# dhcpcd suddenly stopped working for wireless iface

## blamothe

i've got a macbook pro with the broadcom-sta driver. everything was working fine yesterday morning, then i put the machine to sleep (which i've done many many times before) and went to work. when i came back and woke the machine up, the network was not connected. wpa_supplicant reported that everything was connected ok, but ping did not work. i tried dhcpcd -k followed by dhcpcd eth1, and it timed out and used the old (invalid) lease. i tried bringing the interface down and back up, rebooting multiple times, deleting the old dhcpcd leases, all to no avail. it isn't an issue with the network because macos works as well as my other machine that runs linux. dhcpcd just stopped working and i have no idea why.

----------

## Rexilion

 *blamothe wrote:*   

> i've got a macbook pro with the broadcom-sta driver. everything was working fine yesterday morning, then i put the machine to sleep (which i've done many many times before) and went to work. when i came back and woke the machine up, the network was not connected. wpa_supplicant reported that everything was connected ok, but ping did not work. i tried dhcpcd -k followed by dhcpcd eth1, and it timed out and used the old (invalid) lease. i tried bringing the interface down and back up, rebooting multiple times, deleting the old dhcpcd leases, all to no avail. it isn't an issue with the network because macos works as well as my other machine that runs linux. dhcpcd just stopped working and i have no idea why.

 

If you really didn't change anything at all and the wireless worked okay before. Then I think your card may have be broken. Does it still detect the card when booting? Do you see a list of networks?

----------

## blamothe

the card definitely is not broken. it's a dual boot system, and when i boot into macos the wireless network works fine. i can't think of anything that i did. i did add some network credentials through wpa_gui for a different network that i joined on sunday night, but it worked fine then and up untill wednesday night. it was working just fine wednesday morning, i put the machine to sleep, and when i got back from work it didn't work at all.

----------

## Rexilion

 *blamothe wrote:*   

> the card definitely is not broken. it's a dual boot system, and when i boot into macos the wireless network works fine. i can't think of anything that i did. i did add some network credentials through wpa_gui for a different network that i joined on sunday night, but it worked fine then and up untill wednesday night. it was working just fine wednesday morning, i put the machine to sleep, and when i got back from work it didn't work at all.

 

Try to reset your AccessPoint.

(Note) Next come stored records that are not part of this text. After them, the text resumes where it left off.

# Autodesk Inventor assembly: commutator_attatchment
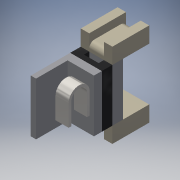
[picture p0: Inventor's stored thumbnail of the model, 180x180]
Saved by Autodesk Inventor 2016 (Build 200138000, 138)
## iProperties
Created: 2016-09-28
Part Number: commutator_attatchment
Document SubType Name: Assembly
Designer: ajar021
Author: ajar021
## Documents named in this file (6)
- C:\Users\ajar021\Documents\CAD files\Commutator_Attachment\commutator_attatchment.iam
- C:\Users\ajar021\Documents\CAD files\Commutator_Attachment\commutator_attachement_front_plate.ipt
- C:\Users\ajar021\Documents\CAD files\Commutator_Attachment\commutator_attachement_side_plate.ipt
- C:\Users\ajar021\Documents\CAD files\Commutator_Attachment\commutator_attachement_cable_cap.ipt
- C:\Users\ajar021\Documents\CAD files\Commutator_Attachment\commutator_attatchment_pulley_bridge.ipt
- E:\band_hook.ipt
## Components (6 placed, 5 different names)
1. commutator_attachement_front_plate:1 — Flush:1, Flush:2, Flush:3, Mate:1, Mate:2
2. commutator_attachement_side_plate:1 — Flush:1, Flush:2
3. commutator_attachement_cable_cap:1 — Flush:3, Flush:4
4. commutator_attatchment_pulley_bridge:1 — Flush:4, Flush:5, Flush:6
5. commutator_attachement_side_plate:2 — Mate:1, Mate:2
6. band_hook:1 — Flush:5, Flush:6
## Relationships (8: Flush 6, Mate 2)
- Flush:1: commutator_attachement_front_plate:1 ↔ commutator_attachement_side_plate:1
- Flush:2: commutator_attachement_front_plate:1 ↔ commutator_attachement_side_plate:1
- Flush:3: commutator_attachement_front_plate:1 ↔ commutator_attachement_cable_cap:1
- Flush:4: commutator_attachement_cable_cap:1 ↔ commutator_attatchment_pulley_bridge:1
- Mate:1: commutator_attachement_front_plate:1 ↔ commutator_attachement_side_plate:2
- Mate:2: commutator_attachement_front_plate:1 ↔ commutator_attachement_side_plate:2
- Flush:5: commutator_attatchment_pulley_bridge:1 ↔ band_hook:1
- Flush:6: commutator_attatchment_pulley_bridge:1 ↔ band_hook:1

Did anything get updated? The card won't working because nothing has changed :p .

----------

## b0nafide

Can you join your network manually using ifconfig and iwconfig?

----------

## blamothe

the network is wpa, so i can't use if/iwconfig. wpa_supplicant joins the network and connects to the ap fine. the problem comes with dhcpcd. when trying to get a lease, it times out and tries to use the old lease, which never works. i am certain that nothing changed with the access point, and, like i said, my other linux machine as well as the same machine running mac os works just fine.

----------

## UberLord

If you're using dhcpcd-5.1.x, then upgrade to 5.1.5 as that fixes that you describe when trying to reload an old lease.

----------

## blamothe

i'm using dhcpcd 4.0.15, as that is the latest available for my amd64 keyword. when i switch to ~amd64, it only offers to upgrade it to 5.1.4. i still don't get why it stopped working. it worked before.

----------

## blamothe

its got to be a wireless issue, because dhcpcd works fine with the ethernet interface. that's the only clue i've been able to find so far.

----------

## Rexilion

 *blamothe wrote:*   

> its got to be a wireless issue, because dhcpcd works fine with the ethernet interface. that's the only clue i've been able to find so far.

 

Then there is one last viable option I can think of which is that your friendly neighbours have stronger wireless equipment installed than you  :Smile:  . I had these problems too, switching to router to another broadcast channel helped. I'm sorry I can't be of more assistance to you, I'm really poking in the dark here (altough, I beleive that this might above). If this does not work, could you please post your full dmesg after trying to associate with it and using DHCP.

----------

## blamothe

so, this is officially spooky. after about a week of it not working, it mysteriously started working again. i tried it many times through many rebooting over that week, and it didn't work at all, forcing me to use mac osx for most of my work. i rebooted in to linux and did a quick check and it worked. i can guarantee that nothing was changed this time that would have caused it to start working, so i'm guessing it has to have something to do with the timeout value on my linux machine and the network. i'm not sure if that explains it either because i have another linux machine that never stopped working. i can't explain it, but i'm glad it works. i'm just hoping that it doesn't mysteriously stop working again.

----------

## blamothe

and now it's stopped working again. i was online everything working fine, then my connection suddenly dropped. i tried re-running dhcpcd but it timed out as before, i stopped and restarted the interface runscript, and i've even shut down and waited overnight to reboot to no avail. this is truly annoying. any help would be appreciated. thanks.

----------

## blamothe

i still can't understand this problem. it works fine for a while, then it suddenly stops working, and stays that way for a week or two, then it suddenly starts working again. i can't for the life of me understand what is going on. i think it has something to do with the broadcom-sta driver, but i have yet to have any luck finding anyone else who has this problem or a way to fix it. it's not my router because my other linux machine connects to it just fine. it's not my actual wireless card because i can reboot into macosx and wireless works just fine. there has to be someone out there with this problem too.

----------

## mounty1

https://bugs.gentoo.org/show_bug.cgi?id=286456 For some reason, the maintainer is not fixing this bug, although he continuing to maintain the package.

----------